Following fashion school Nilsson held an apprenticeship at the tailoring atelier of Chanel haute couture before joining the fashion house Christian Lacroix. He spent nine years there as both Lacroix's personal assistant and as the senior haute couture designer. He worked directly with Lacroix on a number of books and the production of theatrical pieces.

From 1997 to 1999 Nilsson worked with John Galliano at Christian Dior Couture as Collection Coordinator of both the haute couture studio and the fur collections. Afterwards, Nilsson moved to New York to become the Design Director for the Polo Ralph Lauren women’s wear collection. From 2000 to 2003 he was Creative Director for Bill Blass Collection, designing both womenswear and menswear, and became head designer following Bill Blass's death in 2002. Anna Wintour wore one of his dresses to the Vogue Fashion Awards in October 2001, and he was named Designer of the Year 2001 by New York magazine as well as being elected to the International Best-Dressed List by Eleanor Lambert and Vanity Fair.

In 2003 Nilsson returned to Paris, joining Nina Ricci as their Creative Director of fashion, and perfume and cosmetics. He revitalized Nina Ricci to tap into a clientele of "uptown girls" and "the new generation of socialites“ who included Anne Hathaway, Renée Zellweger, Reese Witherspoon, Kate Beckinsale and Dita Von Teese In 2004 he designed the brand's first ever resort collection and was able to raise attention for the brand through several international runway shows, trunkshows and soirées. He also worked on innovative collaborations, such as with the famous corsetier Mr Pearl.

In 2006 Nilsson was presented with the highest Swedish Fashion Award, the Guldknappen (Swedish for Golden Button).

Nilsson was appointed Creative Director of Gianfranco Ferré following the founder's sudden death on September 25, 2007. However, he left after less than six months.

Starting 2007 he began working on establishing his own furniture and textiles collection.

In September 2009 Nilsson started his menswear label Mr. Nils. He showed his first collection as a special guest of Pitti Uomo in Florence, Italy In 2011, his branding efforts were recognised when he was awarded the Graphis Gold Award for Best Advertisement Campaign.

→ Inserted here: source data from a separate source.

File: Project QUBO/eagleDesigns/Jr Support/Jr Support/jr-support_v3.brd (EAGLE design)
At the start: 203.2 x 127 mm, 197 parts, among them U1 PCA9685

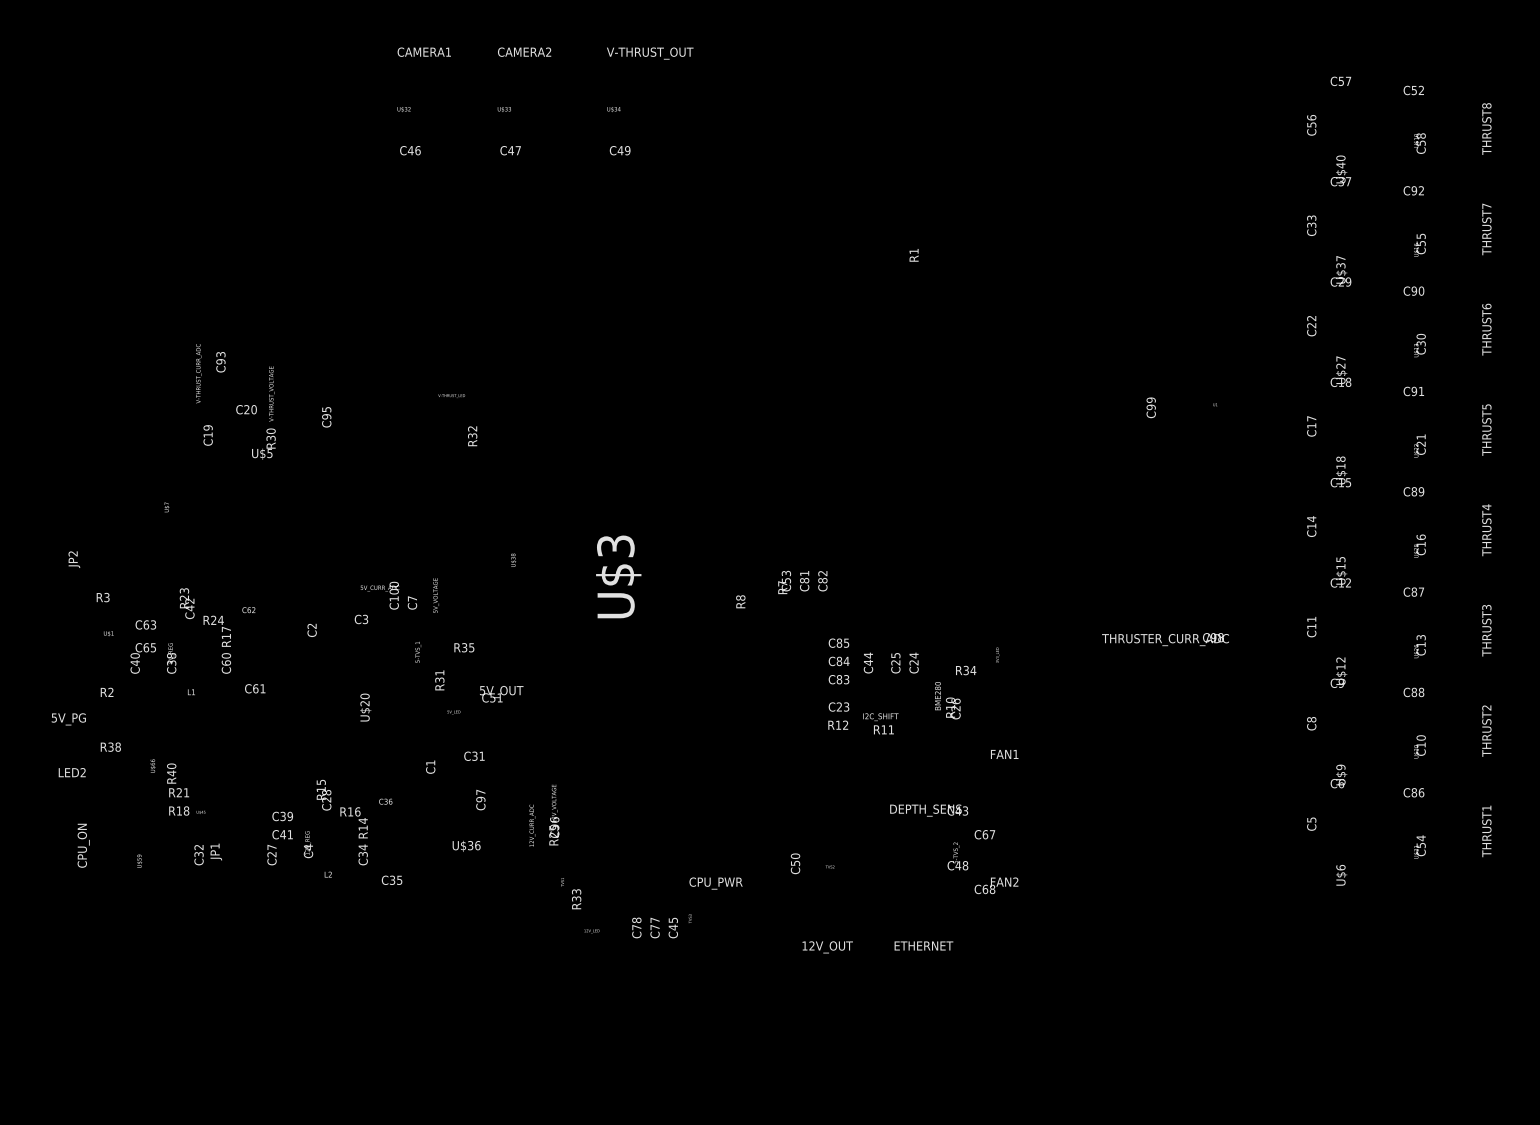
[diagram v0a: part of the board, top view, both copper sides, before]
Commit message: 
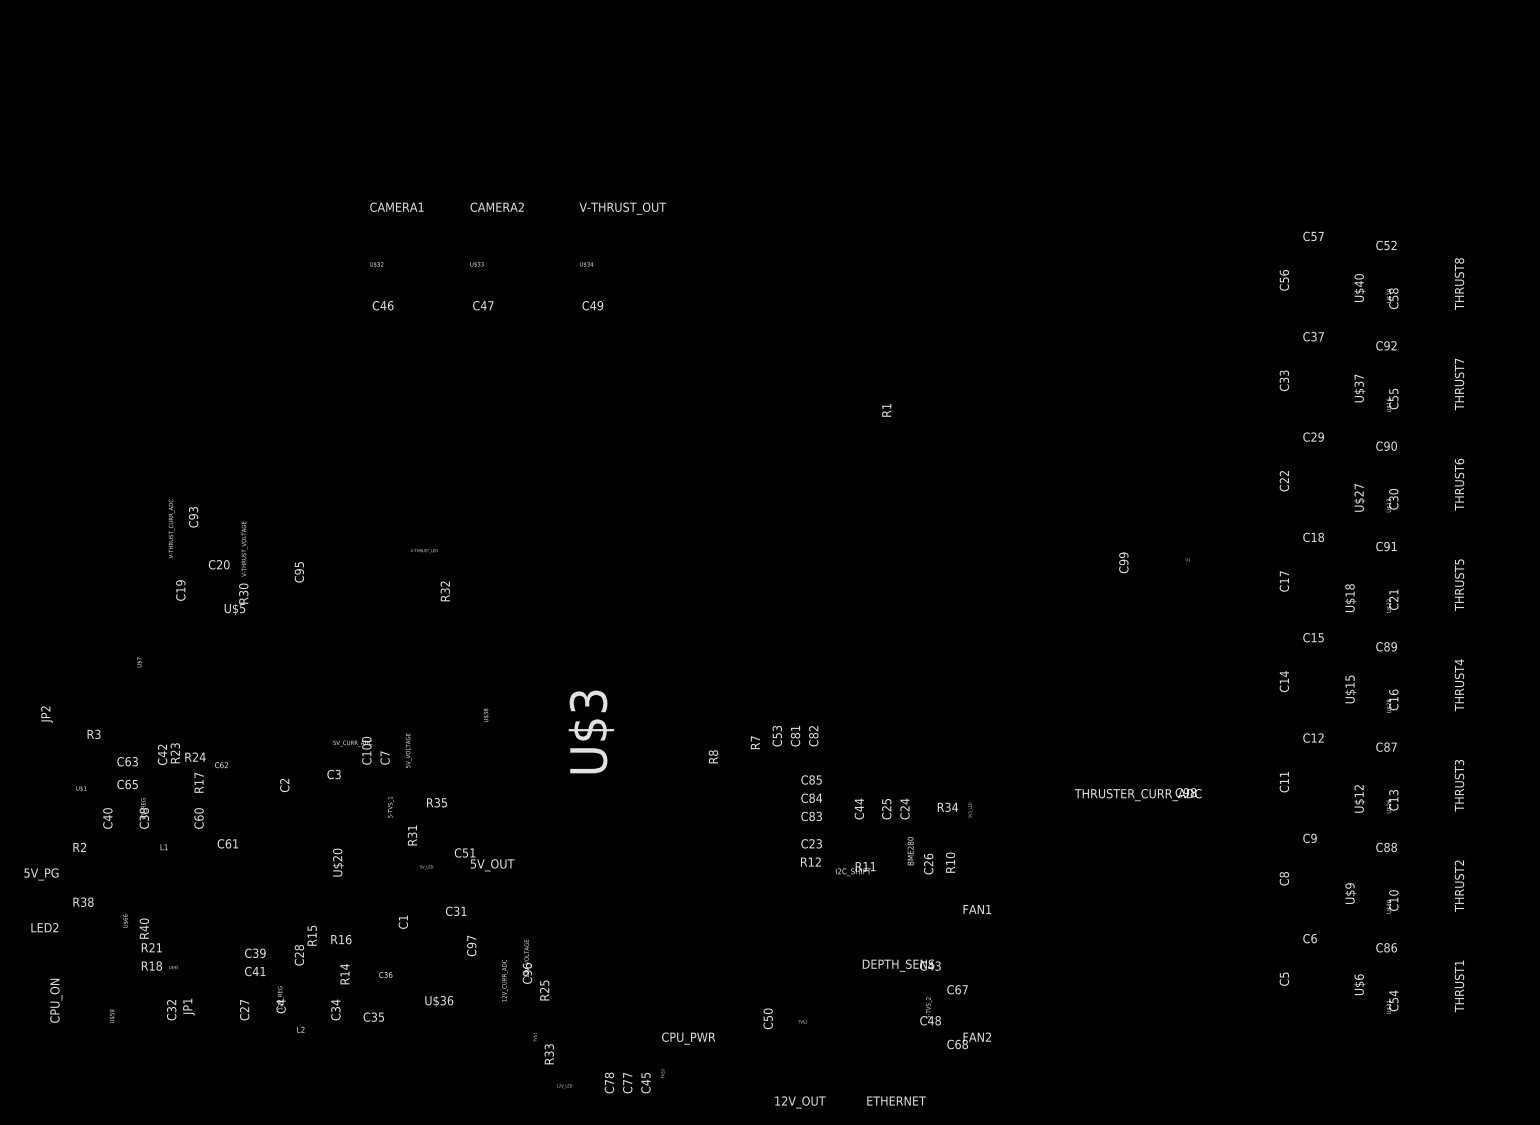
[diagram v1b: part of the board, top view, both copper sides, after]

In January 2014 the Japanese retail giant, Fast Retailing Co. Ltd tapped Lars Nilsson as artistic director of its two European brands, Comptoir des Cotonniers and Princesse Tam Tam, both based in Paris.

Until 2017 Nilsson was also a contributor to several magazines which included Acne Paper and Architectural Digest.

=== Interiors ===
In 2018 it was announced that Lars Nilsson would be collaborating with the iconic Swedish store, Svenskt Tenn, producing a range of luxury interior fabrics and home accessories.

The Capri Collection was inspired by Nilsson's time spent on the Island of Capri, staying at the Villa San Michele, home of Axel Munte and later famed Italian aristocrat Luisa Marchesa Casati.

The Collection consists of woven and printed interior textiles. Through this collaboration Nilsson also worked on a series of rugs with Swedish company Vandra Rugs which were made available exclusively at Svenskt Tenn.

Nilsson's collaboration with Vandra Rugs has since continued and he has produced numerous designs which have also been presented in Stockholm, Paris, London and Milan.

Nilsson has also collaborated with luxury Swedish bed company Hästens. The ongoing collaboration has so far consisted of a range of bed linens.

The Iris Collection got its name from the flower and was inspired by Nilsson's travels in England, notably the gardens of Sissinghurst and Great Dixter in Kent and East Sussex respectively, but also the Jardin des plantes in Paris.

Launch presentations for the Iris Collection took place February 2019 in Stockholm and May 2019 in New York.